Ленин и близкий к нему Григорий Евсеевич Зиновьев, член ЦК и один из редакторов «Правды», скрылись из города, боясь суда и тюрьмы. «Ленина нет, – вспоминал потом Николай Иванович Муралов, который стал первым командующим Московским военным округом, – а из остальных один Троцкий не растерялся».
Троцкий не убежал из Петрограда. Он написал открытое письмо Временному правительству: если Ленина осмеливаются называть немецким шпионом, тогда и он просит считать его шпионом. Троцкий сам требовал ареста и гласного суда.

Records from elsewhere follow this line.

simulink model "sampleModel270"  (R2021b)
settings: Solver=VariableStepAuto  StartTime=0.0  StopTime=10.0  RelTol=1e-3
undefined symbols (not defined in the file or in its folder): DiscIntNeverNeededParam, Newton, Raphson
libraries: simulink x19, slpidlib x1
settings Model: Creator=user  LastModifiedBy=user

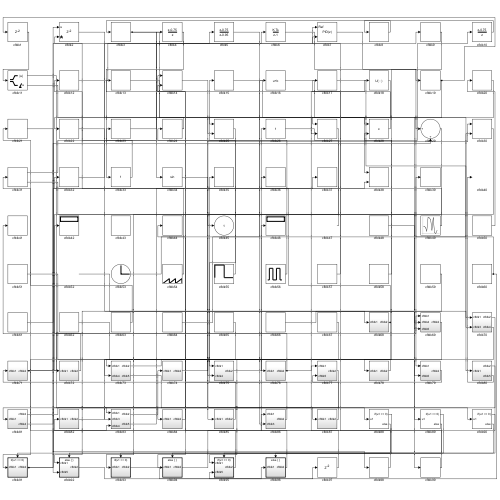
[thumbnail: Simulink's stored preview of the top-level diagram]
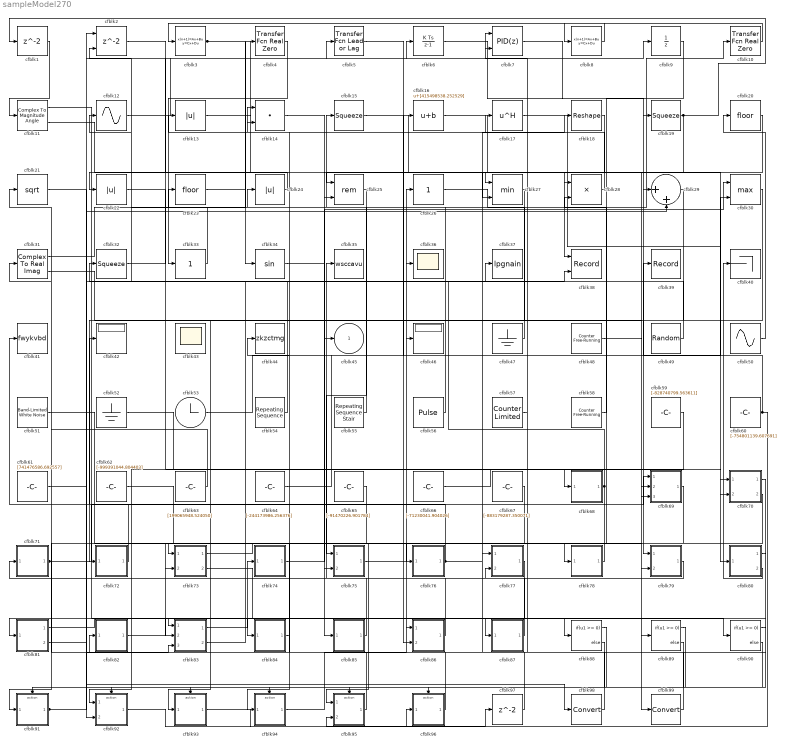
== system sampleModel270 ==
  cfblk1 : Delay  SampleTime=1
  cfblk10 : simulink/Discrete/Transfer Fcn Real Zero  ZeroZ=0.75  ICPrevInput=0.0  DoSatur=off
      settings: SourceProductBaseCode=SL
  cfblk11 : ComplexToMagnitudeAngle
  cfblk12 : Sin  TimeSource=Use external signal  SampleTime=0
  cfblk13 : Abs
  cfblk14 : DotProduct  InputSameDT=on  OutDataTypeStr=Inherit: Inherit via internal rule
  cfblk15 : Squeeze
  cfblk16 : Bias  Bias=[415498538.252529]
  cfblk17 : Math  Operator=hermitian  SaturateOnIntegerOverflow=on
  cfblk18 : Reshape
  cfblk19 : Squeeze
  cfblk2 : Delay  ShowEnablePort=on  SampleTime=1
      settings: InputPortMap=u0,e6
  cfblk20 : Rounding
  cfblk21 : Sqrt  SaturateOnIntegerOverflow=on
  cfblk22 : Abs
  cfblk23 : Rounding
  cfblk24 : Abs
  cfblk25 : Math  Operator=rem  SaturateOnIntegerOverflow=on
  cfblk26 : simulink/Math Operations/Slider Gain  gain=1  low=0  high=2
  cfblk27 : MinMax  Inputs=2
  cfblk28 : Product
  cfblk29 : Sum  Inputs=|++
  cfblk3 : DiscreteStateSpace
  cfblk30 : MinMax  Function=max  Inputs=2
  cfblk31 : ComplexToRealImag
  cfblk32 : Squeeze
  cfblk33 : simulink/Math Operations/Slider Gain  gain=1  low=0  high=2
  cfblk34 : Trigonometry
  cfblk35 : ToWorkspace  VariableName=wsccavu  SaveFormat=Timeseries  SampleTime=-1
  cfblk36 : Scope
  cfblk37 : ToWorkspace  VariableName=lpgnain  SaveFormat=Timeseries  SampleTime=-1
  cfblk38 : Record  FileSettingsInternal="{\"entries\":[{\"content\":{\"excelSettings\":{\"content\":{},\"type\":\"Streamout.ExcelSettings\"}},\"type\":\"Streamout.FileSettingStorage\",\"uuid\":\"55c07847-b416-4147-ba9b-c4fbf5457b55\"}],\"packageUris\":[\"http://schema.mathworks.com/mf0/streamout_blocks/R2020a\"],\"version\":\"1.0\"}"  Layout=[1 1]  SignalsInternal="{\"entries\":[{\"content\":{\"signals\":[{\"content\":{\"blockPath\":[\"sampleModel270/cfblk38\"],\"channel\":[],\"dimensions\":[1],\"domain\":\"sampleModel270/cfblk38\",\"lineColor\":\"#a2142f\",\"plots\":[1],\"port\":1,\"sid\":[\"\"],\"signalID\":11209,\"signalName\":\"cfblk16\"},\"type\":\"RecordBlkView.Signal\",\"uuid\":\"6d9d134b-09a8-4e77-b9a8-4c5e57516884\"},{\"content\":{\"blockPath\":[\"sampleModel270/cfblk38\"],\"channel\":[],\"dimensions\":[1],\"domain\":\"sampleModel270/cfblk38\",\"lineColor\":\"#139fff\",\"plots\":[1],\"port\":2,\"sid\":[\"\"],\"signalID\":11213,\"signalName\":\"cfblk91\"},\"type\":\"RecordBlkView.Signal\",\"uuid\":\"035bce28-8201-4e43-961c-4afa830852dc\"}]},\"type\":\"RecordBlkView.InputSignals\",\"uuid\":\"f20a0d1a-bcdb-4eb4-a0c7-2d20c3785a29\"}],\"packageUris\":[\"http://schema.mathworks.com/mf0/streamout_blocks/R2020a\"],\"version\":\"1.0\"}"  VisualizationBindings="{\"xyplotplugin\":{\"info\":[{\"series\":[{\"bindingParametersList\":[{\"parameter\":\"X-Axis\",\"signalID\":11209,\"signalName\":\"cfblk16\"},{\"parameter\":\"Y-Axis\",\"signalID\":11213,\"signalName\":\"cfblk91\"}],\"seriesID\":19260}],\"subplotID\":1}]}}"  CompatibilityTag=XY
  cfblk39 : Record  FileSettingsInternal="{\"entries\":[{\"content\":{\"excelSettings\":{\"content\":{},\"type\":\"Streamout.ExcelSettings\"}},\"type\":\"Streamout.FileSettingStorage\",\"uuid\":\"3d67d137-5401-4fa9-bcac-a18ba41f64ea\"}],\"packageUris\":[\"http://schema.mathworks.com/mf0/streamout_blocks/R2020a\"],\"version\":\"1.0\"}"  SignalsInternal="{\"entries\":[{\"content\":{\"signals\":[{\"content\":{\"blockPath\":[\"sampleModel270/cfblk39\"],\"channel\":[],\"dimensions\":[1],\"domain\":\"sampleModel270/cfblk39\",\"lineColor\":\"#fe330a\",\"plots\":[1],\"port\":1,\"sid\":[\"\"],\"signalID\":11217,\"signalName\":\"cfblk60\"},\"type\":\"RecordBlkView.Signal\",\"uuid\":\"4590cb18-5316-4242-95f9-f30dc2470911\"}]},\"type\":\"RecordBlkView.InputSignals\",\"uuid\":\"af798ec9-883d-434f-9e97-72437914e7d3\"}],\"packageUris\":[\"http://schema.mathworks.com/mf0/streamout_blocks/R2020a\"],\"version\":\"1.0\"}"  VisualizationBindings="{\"sparklinesplugin\":{\"info\":[{\"bindingParametersList\":[],\"subplotID\":1}]}}"
  cfblk4 : simulink/Discrete/Transfer Fcn Real Zero  ZeroZ=0.75  ICPrevInput=0.0  DoSatur=off
      settings: SourceProductBaseCode=SL
  cfblk40 : Terminator
  cfblk41 : ToWorkspace  VariableName=fwykvbd  SaveFormat=Timeseries  SampleTime=-1
  cfblk42 : Display
  cfblk43 : Scope
      settings: Floating=on
  cfblk44 : ToWorkspace  VariableName=zkzctmg  SaveFormat=Timeseries  SampleTime=-1
  cfblk46 : Display
  cfblk47 : Ground
  cfblk48 : simulink/Sources/Counter Free-Running  NumBits=[30.000000]  tsamp=-1
  cfblk49 : RandomNumber  Mean=[-13361.001595]  Variance=[83852.352686]  Seed=[353484768.000000]  SampleTime=0.1
  cfblk5 : simulink/Discrete/Transfer Fcn Lead or Lag  PoleZ=0.95  ZeroZ=0.75  ICPrevOutput=0.0  ICPrevInput=0.0  DoSatur=off
      settings: SourceProductBaseCode=SL
  cfblk50 : Sin  Amplitude=[595358799.977348]  Bias=[424544015.992801]  SampleTime=0
  cfblk51 : simulink/Sources/Band-Limited White Noise  Cov=[9502367799.789673]  Ts=0.1  seed=[5436201859.000000]
  cfblk52 : Ground
  cfblk53 : Clock
  cfblk54 : simulink/Sources/Repeating Sequence  rep_seq_t=[0 2]  rep_seq_y=[-647210942.038326, -486981734.967450]
  cfblk55 : simulink/Sources/Repeating Sequence Stair  OutValues=[958210710.074239, 342558910.444155]  tsamp=-1  OutMin=[]  OutMax=[]  OutDataTypeStr=double  OutputDataTypeScalingMode=double  OutDataType=fixdt(0,8)  ConRadixGroup=Best Precision: Vector-wise  OutScaling=2^-12
  cfblk56 : DiscretePulseGenerator  PulseType=Time based  Amplitude=[87379413.478695]  Period=[35675365.567741]  PulseWidth=5  PhaseDelay=[7.000000]
  cfblk57 : simulink/Sources/Counter Limited  uplimit=[460.000000]  tsamp=-1
  cfblk58 : simulink/Sources/Counter Free-Running  NumBits=[9.000000]  tsamp=-1
  cfblk59 : Constant  Value=[-828740799.563611]  SampleTime=1
  cfblk6 : DiscreteIntegrator  ICPrevOutput=DiscIntNeverNeededParam  ICPrevScaledInput=DiscIntNeverNeededParam
  cfblk60 : Constant  Value=[-754801139.607691]  SampleTime=1
  cfblk61 : Constant  Value=[741476586.692557]  SampleTime=1
  cfblk62 : Constant  Value=[-999391044.804403]  SampleTime=1
  cfblk63 : Constant  Value=[199065948.524050]  SampleTime=1
  cfblk64 : Constant  Value=[-244173986.256376]  SampleTime=1
  cfblk65 : Constant  Value=[-91470226.901784]  SampleTime=1
  cfblk66 : Constant  Value=[-71230041.904026]  SampleTime=1
  cfblk67 : Constant  Value=[-883179287.350071]  SampleTime=1
  cfblk68 : Subsystem
  cfblk69 : Subsystem
  cfblk7 : slpidlib/PID Controller (2DOF)  Controller=PID  Form=Parallel  TimeDomain=Discrete-time  UseExternalTs=off  SampleTime=1  IntegratorMethod=Forward Euler  FilterMethod=Forward Euler  ControllerParametersSource=internal  P=1  I=1  D=0  UseFilter=on  N=100  b=1  c=1  TunerSelectOption=Transfer Function Based (PID Tuner App)  InitialConditionSource=internal  InitialConditionForIntegrator=0  InitialConditionForFilter=0  DifferentiatorICPrevScaledInput=0  ExternalReset=none  TrackingMode=off  Kt=1  LimitOutput=off  SatLimitsSource=internal  UpperSaturationLimit=inf  LowerSaturationLimit=-inf  LinearizeAsGain=off  AntiWindupMode=none  Kb=1  POutMin=[]  POutMax=[]  IOutMin=[]  IOutMax=[]  DOutMin=[]  DOutMax=[]  NOutMin=[]  NOutMax=[]  bOutMin=[]  bOutMax=[]  cOutMin=[]  cOutMax=[]  SumOutMin=[]  SumOutMax=[]  SaturationOutMin=[]  SaturationOutMax=[]  PParamMin=[]  PParamMax=[]  IParamMin=[]  IParamMax=[]  DParamMin=[]  DParamMax=[]  NParamMin=[]  NParamMax=[]  bParamMin=[]  bParamMax=[]  cParamMin=[]  cParamMax=[]  KbParamMin=[]  KbParamMax=[]  KtParamMin=[]  KtParamMax=[]  KbOutMin=[]  KbOutMax=[]  KtOutMin=[]  KtOutMax=[]  IntegratorOutMin=[]  IntegratorOutMax=[]  FilterOutMin=[]  FilterOutMax=[]  SumI1OutMin=[]  SumI1OutMax=[]  SumI2OutMin=[]  SumI2OutMax=[]  SumI3OutMin=[]  SumI3OutMax=[]  SumI4OutMin=[]  SumI4OutMax=[]  SumDOutMin=[]  SumDOutMax=[]  Sum1OutMin=[]  Sum1OutMax=[]  Sum2OutMin=[]  Sum2OutMax=[]  Sum3OutMin=[]  Sum3OutMax=[]  DifferentiatorOutMin=[]  DifferentiatorOutMax=[]  FilterDiffOutCoefMin=[]  FilterDiffOutCoefMax=[]  ReciprocalOutMin=[]  ReciprocalOutMax=[]  SumDenOutMin=[]  SumDenOutMax=[]  SumNumOutMin=[]  SumNumOutMax=[]  DivideOutMin=[]  DivideOutMax=[]  UdiffTsProdOutMin=[]  UdiffTsProdOutMax=[]  NTsProdOutMin=[]  NTsProdOutMax=[]  UintegralTsProdOutMin=[]  UintegralTsProdOutMax=[]  UngainTsProdOutMin=[]  UngainTsProdOutMax=[]  IntegratorContinuousStateAttributes=''  IntegratorStateMustResolveToSignalObject=off  IntegratorRTWStateStorageClass=Auto  FilterContinuousStateAttributes=''  FilterStateMustResolveToSignalObject=off  FilterRTWStateStorageClass=Auto  ParallelPVariant=InternalParameters  IdealPVariant=Disabled  IVariant=InternalParameters  DVariant=InternalParameters  bVariant=InternalParameters  cVariant=InternalParameters  IntegratorVariant=Discrete  SatVariant=Disabled  AWVariant=Passthrough  PCopyVariant=Disabled  TRVariant=Disabled  FdbkBlocksVariant=Forward  IdealPFdbkVariant=Disabled  SatFdbkVariant=Disabled  DerivativeFilterVariant=ForwardEulerFilter  NVariant=InternalParameters  NCopyVariant=Disabled  FilterICVariant=InternalICsFilter  IntegratorICVariant=InternalICs  ExternalResetVariant=Disabled  TRSumVariant=Passthrough  SumFdbkVariant=Disabled  SumVariant=Sum_PID  TsampFilterVariant=InternalTs  TsampNgainVariant=Passthrough  TsampIntegralVariant=Passthrough  ExternalSaturationOutDataTypeStr=Inherit: Same as second input
      settings: SourceProductBaseCode=SL
  cfblk70 : Subsystem
  cfblk71 : Subsystem
  cfblk72 : Subsystem
  cfblk73 : Subsystem
  cfblk74 : Subsystem
  cfblk75 : Subsystem
  cfblk76 : Subsystem
  cfblk77 : Subsystem
  cfblk78 : Subsystem
  cfblk79 : Subsystem
  cfblk8 : DiscreteStateSpace
  cfblk80 : Subsystem
  cfblk81 : Subsystem
  cfblk82 : Subsystem
  cfblk83 : Subsystem
  cfblk84 : Subsystem
  cfblk85 : Subsystem
  cfblk86 : Subsystem
  cfblk87 : Subsystem
  cfblk88 : If  IfExpression=u1 >= 0  SampleTime=1
  cfblk89 : If  IfExpression=u1 >= 0  SampleTime=1
  cfblk9 : UnitDelay  HasFrameUpgradeWarning=on
  cfblk90 : If  IfExpression=u1 >= 0  SampleTime=1
  cfblk91 : Subsystem  TreatAsAtomicUnit=on
  cfblk92 : Subsystem  TreatAsAtomicUnit=on
  cfblk93 : Subsystem  TreatAsAtomicUnit=on
  cfblk94 : Subsystem  TreatAsAtomicUnit=on
  cfblk95 : Subsystem  TreatAsAtomicUnit=on
  cfblk96 : Subsystem  TreatAsAtomicUnit=on
  cfblk97 : Delay  SampleTime=1
  cfblk98 : DataTypeConversion
  cfblk99 : DataTypeConversion
  cfblk45 : Outport
  wires:
  cfblk3/1 -> cfblk27/1, cfblk25/2
  cfblk11/1 -> cfblk84/1(cfblk1)
  cfblk49/1 -> cfblk32/1
  cfblk8/1 -> cfblk3/1
  cfblk70/1(cfblk2) -> cfblk82/1(cfblk1)
  cfblk86/1(cfblk2) -> cfblk35/1
  cfblk83/1(cfblk2) -> cfblk74/1(cfblk1)
  cfblk80/1(cfblk2) -> cfblk81/1(cfblk1)
  cfblk72/1(cfblk2) -> cfblk41/1
  cfblk56/1 -> cfblk15/1
  cfblk26/1 -> cfblk10/1
  cfblk55/1 -> cfblk24/1
  cfblk16/1 -> cfblk38/1
  cfblk85/1(cfblk2) -> cfblk71/1(cfblk1)
  cfblk80/2(cfblk5) -> cfblk40/1
  cfblk54/1 -> cfblk12/1
  cfblk9/1 -> cfblk78/1(cfblk1)
  cfblk12/1 -> cfblk6/1
  cfblk59/1 -> cfblk92/1(cfblk1)
  cfblk96/1(cfblk2) -> cfblk26/1
  cfblk4/1 -> cfblk33/1
  cfblk28/1 -> cfblk13/1
  cfblk87/1(cfblk2) -> cfblk14/1
  cfblk84/1(cfblk2) -> cfblk44/1
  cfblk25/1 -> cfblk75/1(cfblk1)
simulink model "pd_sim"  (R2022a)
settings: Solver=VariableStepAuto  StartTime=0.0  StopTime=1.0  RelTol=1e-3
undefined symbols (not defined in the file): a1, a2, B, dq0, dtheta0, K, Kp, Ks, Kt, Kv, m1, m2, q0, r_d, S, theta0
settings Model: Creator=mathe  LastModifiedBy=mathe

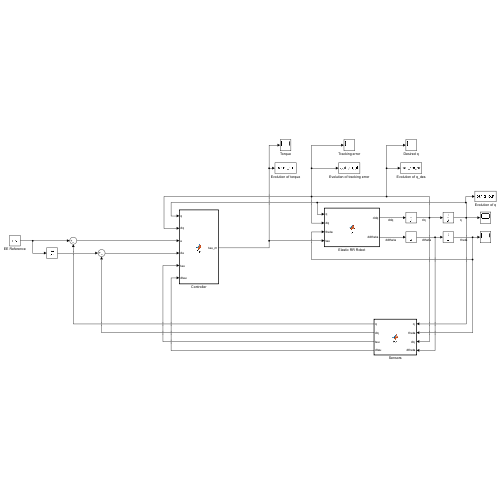
[thumbnail: Simulink's stored preview of the top-level diagram]
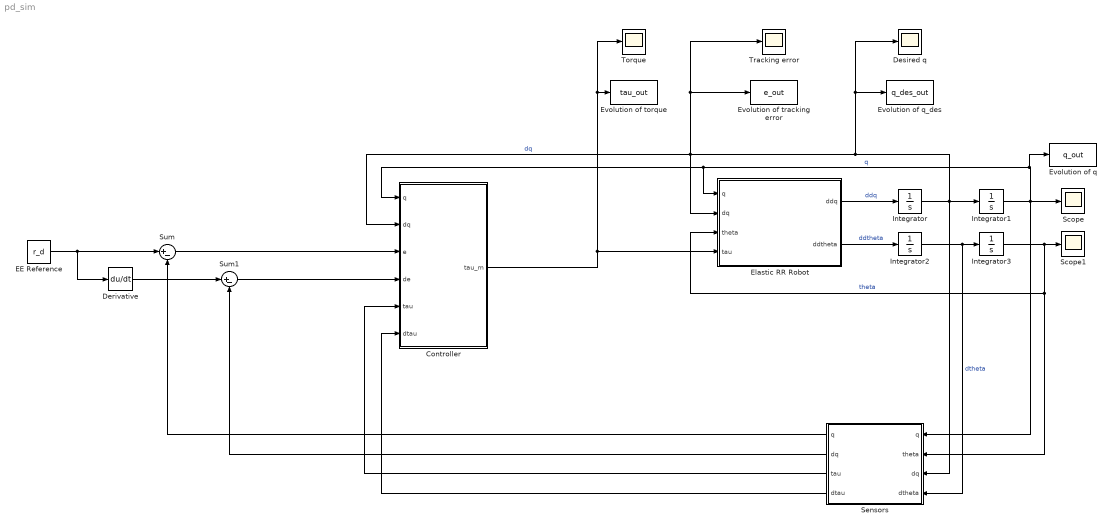
== system pd_sim ==
  Controller : MATLAB Function  TreatAsAtomicUnit=on
  Derivative : Derivative
  Desired q : Scope
  EE Reference : Constant  Value=r_d
  Elastic RR Robot : MATLAB Function  TreatAsAtomicUnit=on
  Evolution of q : ToWorkspace  VariableName=q_out  SaveFormat=Timeseries  SampleTime=-1
  Evolution of q_des : ToWorkspace  VariableName=q_des_out  SaveFormat=Timeseries  SampleTime=-1
  Evolution of torque : ToWorkspace  VariableName=tau_out  SaveFormat=Timeseries  SampleTime=-1
  Evolution of tracking error : ToWorkspace  VariableName=e_out  SaveFormat=Timeseries  SampleTime=-1
  Integrator : Integrator  InitialCondition=dq0
  Integrator1 : Integrator  InitialCondition=q0
  Integrator2 : Integrator  InitialCondition=dtheta0
  Integrator3 : Integrator  InitialCondition=theta0
  Scope : Scope
  Scope1 : Scope
  Sensors : MATLAB Function  TreatAsAtomicUnit=on
  Sum : Sum  Inputs=|+-
  Sum1 : Sum  Inputs=|+-
  Torque : Scope
  Tracking error : Scope
  wires:
  Elastic RR Robot/1(ddq) -> Integrator/1  "ddq"
  Integrator/1 -> Elastic RR Robot/2(dq), Controller/2(dq), Tracking error/1, Evolution of tracking error/1, Evolution of q_des/1, Desired q/1, Sensors/3("dq "), Integrator1/1  "dq"
  Integrator2/1 -> Sensors/4(dtheta), Integrator3/1  "dtheta"
  Elastic RR Robot/2(ddtheta) -> Integrator2/1  "ddtheta"
  Integrator3/1 -> Scope1/1, Sensors/2(theta), Elastic RR Robot/3(theta)  "theta"
  Integrator1/1 -> Sensors/1("q "), Scope/1, Elastic RR Robot/1(q), Controller/1(q), Evolution of q/1  "q"
  Controller/1(tau_m) -> Torque/1, Evolution of torque/1, Elastic RR Robot/4(tau)
  EE Reference/1 -> Derivative/1, Sum/1
  Derivative/1 -> Sum1/1
  Sum/1 -> Controller/3(e)
  Sum1/1 -> Controller/4(de)
  Sensors/3(tau) -> Controller/5(tau)
  Sensors/4(dtau) -> Controller/6(dtau)
  Sensors/1(q) -> Sum/2
  Sensors/2(dq) -> Sum1/2

== matlab function pd_sim/Controller ==
  data: q input; dq input; e input; tau_m output; de input; tau input; dtau input; K parameter; B parameter; S parameter; m1 parameter; m2 parameter; a1 parameter; a2 parameter; Kp parameter; Kv parameter; Ks parameter; Kt parameter
function tau_m = fcn(q, dq, e, de, tau, dtau, K, B, S, m1, m2, a1, a2, ...
    Kp, Kv, Ks, Kt)

% Compute dynamic matrices
[M, C, G] = dynamics(q, dq, m1, m2, a1, a2);

% PD Control
tau_d = Kp*e + Kv*de;

% Torque Control
tau_m = tau_d + Kt*(tau_d - tau) + Ks*dtau;

== matlab function pd_sim/Elastic RR Robot ==
  data: q input; ddq output; dq input; theta input; tau input; ddtheta output; K parameter; B parameter; S parameter; m1 parameter; m2 parameter; a1 parameter; a2 parameter
function [ddq, ddtheta] = fcn(q, dq, theta, tau, K, B, S, m1, m2, a1, a2)

% Compute dynamic matrices
[M, C, G] = dynamics(q, dq, m1, m2, a1, a2);

% State evolutions
ddq = M\(S.'*K*(theta - q) - C*dq - G);
ddtheta = B\(tau - K*(theta - q));

== matlab function pd_sim/Sensors ==
  data: q input; theta input; dq input; dtheta input; q output; dq output; tau output; K parameter; dtau output
function [q, dq, tau, dtau] = fcn(q, theta, dq, dtheta, K)

tau = K*(theta - q);
dtau = K*(dtheta - dq);

23 июля Троцкого арестовали. Он дал показания в письменной форме. Он утверждал, что ни он сам, ни ЦК большевиков не призывали солдат к вооруженному восстанию и выступление 1-го пулеметного полка было для всех неожиданностью. Разумеется, он наотрез отвергал возможность сговора большевиков с германским правительством.
Исполнявший в тот момент обязанности министра юстиции во Временном правительстве А. Демьянов вспоминал:
«Троцкий был привлечен к уголовной ответственности по делу о большевиках. Но событие, в котором он принимал участие, стояло во всем деле совершенно особняком. Его обвиняли, и это было исключительно одно обвинение, в том, что, будучи на каком-то собрании рабочих в Народном Доме, он произнес зажигательную речь, призывая к убийству Керенского.
Сообщение об этом сделали двое офицеров, якобы слышавших эту речь. Троцкого арестовали. Он полностью отрицал возводимое на него обвинение. Был допрошен ряд свидетелей, посторонних Троцкому, участвовавших в собрании, которые мало того что отрицали приписываемые Троцкому слова, но показали, что Троцкий старался наоборот успокоить расходившуюся тогда толпу. Никаких призывов он тогда вообще не делал.
Сообщал мне о ходе предварительного следствия прокурор палаты Карчевский, сказав, что Троцкого в тюрьме по такому обвинению держать абсолютно нельзя. Я отлично понимал, что судебная следственная власть не решится, хотя имеет право, совершенно самостоятельно решать такой вопрос, выпустить на волю такую птицу, как Троцкий, без благословения свыше. Это благословение я ей и дал.
Однако я понимал, что освобождение Троцкого из-под ареста вредно. Поэтому я попросил предварительно освобождения Троцкого доставить мне весь следственный материал, его касающийся, и ознакомился с ним подробно.
Освобожденного Троцкого встретили в Совете рабочих и солдатских депутатов с триумфом. А в тот же день управляющий делами Совета Министров Гальперн предупредил меня, что в вечернем заседании Совета Министров у меня попросят объяснения по делу Троцкого. Я этого ожидал, и предупреждение Гальперна не застало меня врасплох.
В Совете во время заседания я получил записку сначала от Гальперна, который вновь предупреждал меня о готовящемся запросе, а затем получил записку и со стороны Терещенко, председательствовавшего тогда в Совете. Объяснение мне предстояло дать в конце заседания, когда вопросы по повестке будут исчерпаны.
Я дал свое объяснение в твердом тоне. Я рассказал, в чем заключается обвинительный материал по делу Троцкого, объяснил, что определение об освобождении Троцкого из-под ареста дано судебно-следственною властью, что авторитет ее должен быть во всяком случае поддержан, что по существу она в данном деле совершенно права, сказал далее, что Министерство Юстиции должно всегда стоять на страже закона и не допускать, чтобы его могли не только обвинять, но даже подозревать в том, что по его распоряжению могут содержать людей в тюрьме по одним лишь политическим соображениям, что во всяком случае я, пока буду во главе Министерства, этого никогда не допущу.
Объяснения мои были приняты благосклонно. Многие говорили мне, что они вполне разделяют мою точку зрения и что запрос не имел другой цели, как ознакомление с делом. Один только Министр Внутренних дел Никитин (московский присяжный поверенный, по партии социал-демократ) мимоходом заметил, что о выпуске на волю Троцкого нужно было предупредить Министерство Внутренних дел, что таково было соглашение с Министерством Юстиции, когда дело касалось заметного лица.